> **The problem**
Copy out each line of the data that holds the word "units".

Collection entries
======

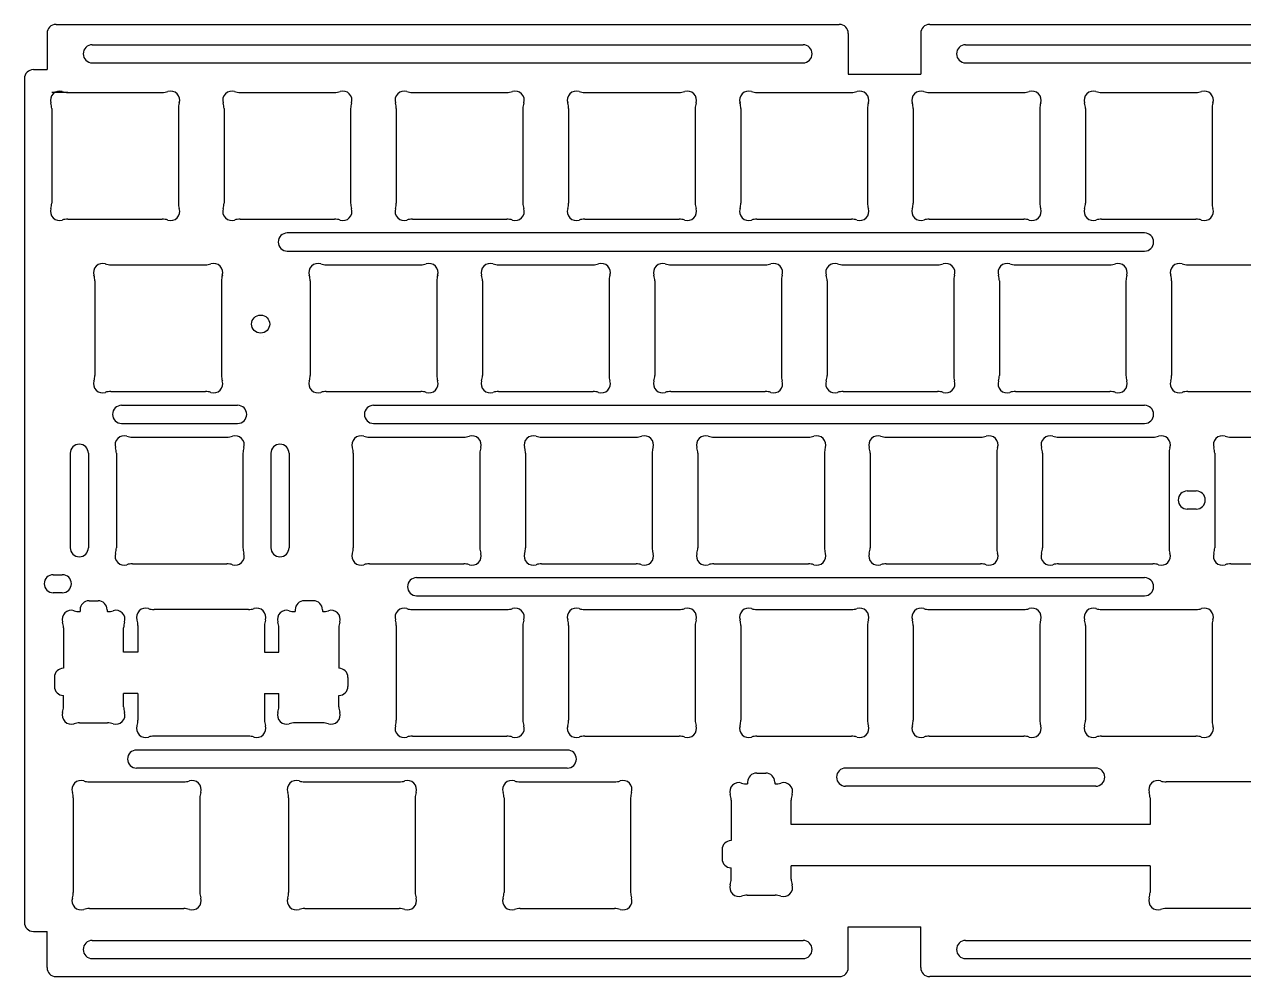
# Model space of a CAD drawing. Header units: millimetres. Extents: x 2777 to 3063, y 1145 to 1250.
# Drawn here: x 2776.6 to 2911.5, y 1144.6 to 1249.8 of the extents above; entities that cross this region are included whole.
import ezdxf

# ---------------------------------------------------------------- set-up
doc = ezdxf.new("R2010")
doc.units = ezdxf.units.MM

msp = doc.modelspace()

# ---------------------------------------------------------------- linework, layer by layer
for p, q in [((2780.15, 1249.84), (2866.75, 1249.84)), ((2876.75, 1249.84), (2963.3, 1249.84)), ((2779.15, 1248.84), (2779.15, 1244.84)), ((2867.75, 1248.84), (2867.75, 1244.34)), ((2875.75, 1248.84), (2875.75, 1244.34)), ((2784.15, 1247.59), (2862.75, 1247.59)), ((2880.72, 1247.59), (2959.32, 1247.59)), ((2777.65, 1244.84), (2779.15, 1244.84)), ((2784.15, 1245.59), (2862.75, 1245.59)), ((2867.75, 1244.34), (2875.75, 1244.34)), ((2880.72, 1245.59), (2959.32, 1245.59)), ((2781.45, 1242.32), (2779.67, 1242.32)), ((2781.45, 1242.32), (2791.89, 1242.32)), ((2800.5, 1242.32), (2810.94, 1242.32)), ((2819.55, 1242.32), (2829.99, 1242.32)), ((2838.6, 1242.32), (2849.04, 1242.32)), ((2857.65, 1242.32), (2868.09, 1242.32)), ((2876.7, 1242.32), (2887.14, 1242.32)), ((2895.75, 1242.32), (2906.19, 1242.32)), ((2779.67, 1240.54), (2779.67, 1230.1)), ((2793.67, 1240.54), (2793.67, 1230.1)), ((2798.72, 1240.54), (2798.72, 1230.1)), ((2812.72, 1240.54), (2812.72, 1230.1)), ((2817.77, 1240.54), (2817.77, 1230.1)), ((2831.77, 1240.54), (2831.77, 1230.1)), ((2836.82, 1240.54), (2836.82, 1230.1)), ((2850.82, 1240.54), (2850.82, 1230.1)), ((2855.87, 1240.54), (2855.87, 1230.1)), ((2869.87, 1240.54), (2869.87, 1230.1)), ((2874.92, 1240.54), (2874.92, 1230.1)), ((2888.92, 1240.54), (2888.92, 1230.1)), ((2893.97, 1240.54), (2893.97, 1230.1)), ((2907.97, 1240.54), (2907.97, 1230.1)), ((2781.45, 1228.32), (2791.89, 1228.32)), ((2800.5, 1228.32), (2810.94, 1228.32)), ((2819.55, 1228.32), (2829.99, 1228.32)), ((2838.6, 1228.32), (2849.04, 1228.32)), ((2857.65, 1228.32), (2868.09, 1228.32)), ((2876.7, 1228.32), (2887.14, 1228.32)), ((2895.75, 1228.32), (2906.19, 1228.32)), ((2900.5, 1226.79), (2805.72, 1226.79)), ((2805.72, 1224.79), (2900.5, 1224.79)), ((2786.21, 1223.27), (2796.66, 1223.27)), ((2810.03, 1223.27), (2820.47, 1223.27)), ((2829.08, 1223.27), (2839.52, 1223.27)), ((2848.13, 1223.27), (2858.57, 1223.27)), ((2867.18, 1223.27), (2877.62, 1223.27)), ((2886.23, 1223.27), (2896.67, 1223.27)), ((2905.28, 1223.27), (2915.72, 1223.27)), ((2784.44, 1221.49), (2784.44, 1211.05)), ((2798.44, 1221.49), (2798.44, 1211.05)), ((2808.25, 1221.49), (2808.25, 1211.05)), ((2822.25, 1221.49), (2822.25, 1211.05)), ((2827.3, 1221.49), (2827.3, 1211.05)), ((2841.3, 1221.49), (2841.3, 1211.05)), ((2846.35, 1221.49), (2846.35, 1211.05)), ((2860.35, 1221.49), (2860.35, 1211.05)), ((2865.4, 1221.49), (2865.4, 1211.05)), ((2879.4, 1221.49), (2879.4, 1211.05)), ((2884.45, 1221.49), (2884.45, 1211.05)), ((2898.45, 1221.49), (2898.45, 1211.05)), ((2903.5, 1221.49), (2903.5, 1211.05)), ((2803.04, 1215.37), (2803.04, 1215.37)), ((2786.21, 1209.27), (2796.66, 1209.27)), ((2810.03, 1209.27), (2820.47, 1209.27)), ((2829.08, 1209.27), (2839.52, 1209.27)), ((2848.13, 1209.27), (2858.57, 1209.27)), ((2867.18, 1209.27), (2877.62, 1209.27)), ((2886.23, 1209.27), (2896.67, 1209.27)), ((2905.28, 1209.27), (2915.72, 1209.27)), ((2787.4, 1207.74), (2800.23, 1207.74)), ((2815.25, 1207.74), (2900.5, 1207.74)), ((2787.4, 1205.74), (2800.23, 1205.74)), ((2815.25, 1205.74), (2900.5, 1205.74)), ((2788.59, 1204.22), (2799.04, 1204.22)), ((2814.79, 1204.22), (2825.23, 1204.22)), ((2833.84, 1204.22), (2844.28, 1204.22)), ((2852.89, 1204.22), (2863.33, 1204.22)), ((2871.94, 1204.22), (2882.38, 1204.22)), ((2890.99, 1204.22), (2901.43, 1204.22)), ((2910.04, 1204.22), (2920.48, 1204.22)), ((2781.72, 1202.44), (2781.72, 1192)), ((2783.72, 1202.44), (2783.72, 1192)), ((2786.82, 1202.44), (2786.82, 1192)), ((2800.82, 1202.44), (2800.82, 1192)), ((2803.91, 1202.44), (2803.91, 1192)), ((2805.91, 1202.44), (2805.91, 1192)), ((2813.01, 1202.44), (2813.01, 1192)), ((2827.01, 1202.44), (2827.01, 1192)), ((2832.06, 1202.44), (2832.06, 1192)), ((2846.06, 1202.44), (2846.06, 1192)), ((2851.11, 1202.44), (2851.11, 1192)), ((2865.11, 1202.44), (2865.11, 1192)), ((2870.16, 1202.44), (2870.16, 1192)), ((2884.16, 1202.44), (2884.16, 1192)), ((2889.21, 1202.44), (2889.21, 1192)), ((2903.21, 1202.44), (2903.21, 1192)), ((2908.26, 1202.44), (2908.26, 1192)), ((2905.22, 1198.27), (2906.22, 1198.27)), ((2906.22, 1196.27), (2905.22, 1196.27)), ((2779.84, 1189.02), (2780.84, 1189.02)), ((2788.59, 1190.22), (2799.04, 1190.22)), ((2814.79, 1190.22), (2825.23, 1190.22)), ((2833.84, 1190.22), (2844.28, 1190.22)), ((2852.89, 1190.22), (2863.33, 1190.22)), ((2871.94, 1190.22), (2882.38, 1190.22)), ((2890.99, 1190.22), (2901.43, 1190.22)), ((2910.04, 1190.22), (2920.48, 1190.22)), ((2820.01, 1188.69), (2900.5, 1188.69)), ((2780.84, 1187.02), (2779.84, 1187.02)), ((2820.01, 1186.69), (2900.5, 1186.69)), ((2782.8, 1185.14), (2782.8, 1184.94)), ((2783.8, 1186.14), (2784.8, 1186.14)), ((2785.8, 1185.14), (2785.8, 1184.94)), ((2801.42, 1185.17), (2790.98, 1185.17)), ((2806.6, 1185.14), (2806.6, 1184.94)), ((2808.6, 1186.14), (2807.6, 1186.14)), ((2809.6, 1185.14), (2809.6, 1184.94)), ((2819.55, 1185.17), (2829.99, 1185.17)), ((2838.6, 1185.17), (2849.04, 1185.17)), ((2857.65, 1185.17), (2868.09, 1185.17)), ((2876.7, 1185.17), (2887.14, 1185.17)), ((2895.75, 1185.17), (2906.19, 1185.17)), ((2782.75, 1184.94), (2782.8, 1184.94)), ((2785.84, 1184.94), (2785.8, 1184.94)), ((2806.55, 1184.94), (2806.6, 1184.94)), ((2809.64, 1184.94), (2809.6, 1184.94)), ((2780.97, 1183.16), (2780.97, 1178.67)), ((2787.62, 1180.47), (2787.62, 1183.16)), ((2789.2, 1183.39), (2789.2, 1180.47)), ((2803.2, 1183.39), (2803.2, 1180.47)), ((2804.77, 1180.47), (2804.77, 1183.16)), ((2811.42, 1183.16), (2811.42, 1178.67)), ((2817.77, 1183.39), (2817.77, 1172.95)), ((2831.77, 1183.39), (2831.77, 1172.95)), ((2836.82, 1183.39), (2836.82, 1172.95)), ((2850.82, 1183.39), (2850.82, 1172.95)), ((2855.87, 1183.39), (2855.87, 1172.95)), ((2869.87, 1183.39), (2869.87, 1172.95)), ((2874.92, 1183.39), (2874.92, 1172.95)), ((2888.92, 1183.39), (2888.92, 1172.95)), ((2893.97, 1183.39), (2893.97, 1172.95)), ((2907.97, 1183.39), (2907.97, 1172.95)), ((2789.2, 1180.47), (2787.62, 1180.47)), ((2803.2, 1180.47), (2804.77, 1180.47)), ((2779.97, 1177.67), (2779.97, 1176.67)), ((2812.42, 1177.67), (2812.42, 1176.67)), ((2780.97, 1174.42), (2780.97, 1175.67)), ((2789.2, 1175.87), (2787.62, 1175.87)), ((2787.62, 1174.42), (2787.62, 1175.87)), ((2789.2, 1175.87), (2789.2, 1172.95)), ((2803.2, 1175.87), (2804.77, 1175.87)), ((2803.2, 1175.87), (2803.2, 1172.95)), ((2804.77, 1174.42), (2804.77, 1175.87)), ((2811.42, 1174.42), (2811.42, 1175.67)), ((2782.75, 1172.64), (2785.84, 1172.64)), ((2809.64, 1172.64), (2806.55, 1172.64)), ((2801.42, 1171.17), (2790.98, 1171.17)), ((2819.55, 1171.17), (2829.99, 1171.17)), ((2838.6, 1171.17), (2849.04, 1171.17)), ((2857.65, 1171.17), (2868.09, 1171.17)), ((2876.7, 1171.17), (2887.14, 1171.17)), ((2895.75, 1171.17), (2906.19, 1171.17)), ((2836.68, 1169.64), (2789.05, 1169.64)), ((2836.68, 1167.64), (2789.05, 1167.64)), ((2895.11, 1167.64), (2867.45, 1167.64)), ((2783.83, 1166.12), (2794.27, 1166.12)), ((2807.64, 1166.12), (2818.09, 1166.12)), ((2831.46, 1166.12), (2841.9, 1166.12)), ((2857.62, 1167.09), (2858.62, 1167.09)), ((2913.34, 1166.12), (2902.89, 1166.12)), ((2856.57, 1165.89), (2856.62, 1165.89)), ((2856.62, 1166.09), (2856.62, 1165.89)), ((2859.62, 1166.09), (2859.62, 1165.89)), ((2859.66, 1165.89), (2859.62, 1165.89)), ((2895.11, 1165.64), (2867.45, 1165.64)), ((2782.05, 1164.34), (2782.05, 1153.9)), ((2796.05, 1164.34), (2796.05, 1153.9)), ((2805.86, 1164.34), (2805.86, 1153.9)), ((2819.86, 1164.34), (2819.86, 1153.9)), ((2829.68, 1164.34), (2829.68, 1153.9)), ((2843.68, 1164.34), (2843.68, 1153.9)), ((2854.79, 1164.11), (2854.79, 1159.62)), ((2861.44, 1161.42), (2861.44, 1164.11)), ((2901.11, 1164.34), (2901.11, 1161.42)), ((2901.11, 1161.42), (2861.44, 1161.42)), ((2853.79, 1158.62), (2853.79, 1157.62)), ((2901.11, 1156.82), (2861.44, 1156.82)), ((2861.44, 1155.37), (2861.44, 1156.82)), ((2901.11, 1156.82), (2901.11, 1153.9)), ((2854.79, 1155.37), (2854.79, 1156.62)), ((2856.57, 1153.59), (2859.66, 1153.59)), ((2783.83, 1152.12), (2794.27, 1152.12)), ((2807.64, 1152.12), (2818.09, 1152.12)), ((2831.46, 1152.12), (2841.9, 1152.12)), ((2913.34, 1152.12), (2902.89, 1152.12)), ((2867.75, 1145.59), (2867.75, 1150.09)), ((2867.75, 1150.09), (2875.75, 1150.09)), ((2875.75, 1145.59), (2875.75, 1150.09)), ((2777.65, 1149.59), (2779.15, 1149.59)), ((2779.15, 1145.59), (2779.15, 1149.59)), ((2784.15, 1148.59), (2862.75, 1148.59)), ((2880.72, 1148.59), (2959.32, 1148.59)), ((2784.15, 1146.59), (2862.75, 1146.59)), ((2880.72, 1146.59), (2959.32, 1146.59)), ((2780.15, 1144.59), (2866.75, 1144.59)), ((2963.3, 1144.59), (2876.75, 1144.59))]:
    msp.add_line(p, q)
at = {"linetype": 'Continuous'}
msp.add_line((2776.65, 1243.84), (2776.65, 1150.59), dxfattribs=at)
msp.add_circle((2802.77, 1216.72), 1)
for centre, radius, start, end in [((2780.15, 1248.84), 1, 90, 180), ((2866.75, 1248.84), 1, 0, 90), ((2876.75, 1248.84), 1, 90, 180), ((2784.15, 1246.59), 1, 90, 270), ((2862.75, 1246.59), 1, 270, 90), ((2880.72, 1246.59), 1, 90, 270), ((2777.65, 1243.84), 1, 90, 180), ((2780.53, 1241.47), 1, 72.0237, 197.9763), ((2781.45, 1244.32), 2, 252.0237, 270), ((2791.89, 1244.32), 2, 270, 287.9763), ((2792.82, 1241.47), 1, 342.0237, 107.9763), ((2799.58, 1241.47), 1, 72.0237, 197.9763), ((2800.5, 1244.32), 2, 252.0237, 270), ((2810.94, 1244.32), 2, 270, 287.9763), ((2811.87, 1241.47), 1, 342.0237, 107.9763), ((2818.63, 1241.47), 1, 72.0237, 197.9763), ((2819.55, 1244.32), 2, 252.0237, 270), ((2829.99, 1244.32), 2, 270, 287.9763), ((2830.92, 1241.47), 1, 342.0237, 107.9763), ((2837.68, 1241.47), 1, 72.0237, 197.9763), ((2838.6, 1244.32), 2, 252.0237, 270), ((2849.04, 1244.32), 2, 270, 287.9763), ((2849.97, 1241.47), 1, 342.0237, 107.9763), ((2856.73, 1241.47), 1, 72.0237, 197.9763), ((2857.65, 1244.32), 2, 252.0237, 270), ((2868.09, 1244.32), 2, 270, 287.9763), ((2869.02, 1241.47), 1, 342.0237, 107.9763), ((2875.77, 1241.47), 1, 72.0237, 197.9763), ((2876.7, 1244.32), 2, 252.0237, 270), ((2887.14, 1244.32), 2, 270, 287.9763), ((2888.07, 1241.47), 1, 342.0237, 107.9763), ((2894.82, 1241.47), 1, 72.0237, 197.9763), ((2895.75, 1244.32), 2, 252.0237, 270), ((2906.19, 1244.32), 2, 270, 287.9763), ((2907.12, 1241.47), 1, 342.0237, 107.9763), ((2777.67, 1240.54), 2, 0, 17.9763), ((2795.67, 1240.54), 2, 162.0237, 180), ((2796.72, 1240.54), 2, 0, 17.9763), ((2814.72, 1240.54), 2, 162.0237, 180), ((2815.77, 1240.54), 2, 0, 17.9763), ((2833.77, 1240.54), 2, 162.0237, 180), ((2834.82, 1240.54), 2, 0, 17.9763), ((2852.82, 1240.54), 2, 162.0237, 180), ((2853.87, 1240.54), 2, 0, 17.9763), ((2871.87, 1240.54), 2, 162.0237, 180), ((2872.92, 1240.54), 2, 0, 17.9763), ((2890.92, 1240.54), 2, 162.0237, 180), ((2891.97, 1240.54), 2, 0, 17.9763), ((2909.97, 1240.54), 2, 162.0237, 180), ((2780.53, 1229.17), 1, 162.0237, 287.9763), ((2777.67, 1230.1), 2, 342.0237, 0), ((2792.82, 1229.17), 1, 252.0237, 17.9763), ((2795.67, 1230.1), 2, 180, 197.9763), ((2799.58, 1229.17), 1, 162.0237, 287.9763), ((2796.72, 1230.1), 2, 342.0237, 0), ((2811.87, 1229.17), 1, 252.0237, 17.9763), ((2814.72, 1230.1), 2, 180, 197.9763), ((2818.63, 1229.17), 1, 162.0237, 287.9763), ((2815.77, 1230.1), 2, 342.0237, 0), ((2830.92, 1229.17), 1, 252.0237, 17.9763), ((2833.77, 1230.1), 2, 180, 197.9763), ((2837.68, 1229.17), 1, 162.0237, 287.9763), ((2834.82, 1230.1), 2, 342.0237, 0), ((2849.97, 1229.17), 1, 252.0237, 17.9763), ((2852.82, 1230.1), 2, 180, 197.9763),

======

> **Exercise answer**
# Model space of a CAD drawing. Header units: millimetres. Extents: x 2777 to 3063, y 1145 to 1250.
doc.units = ezdxf.units.MM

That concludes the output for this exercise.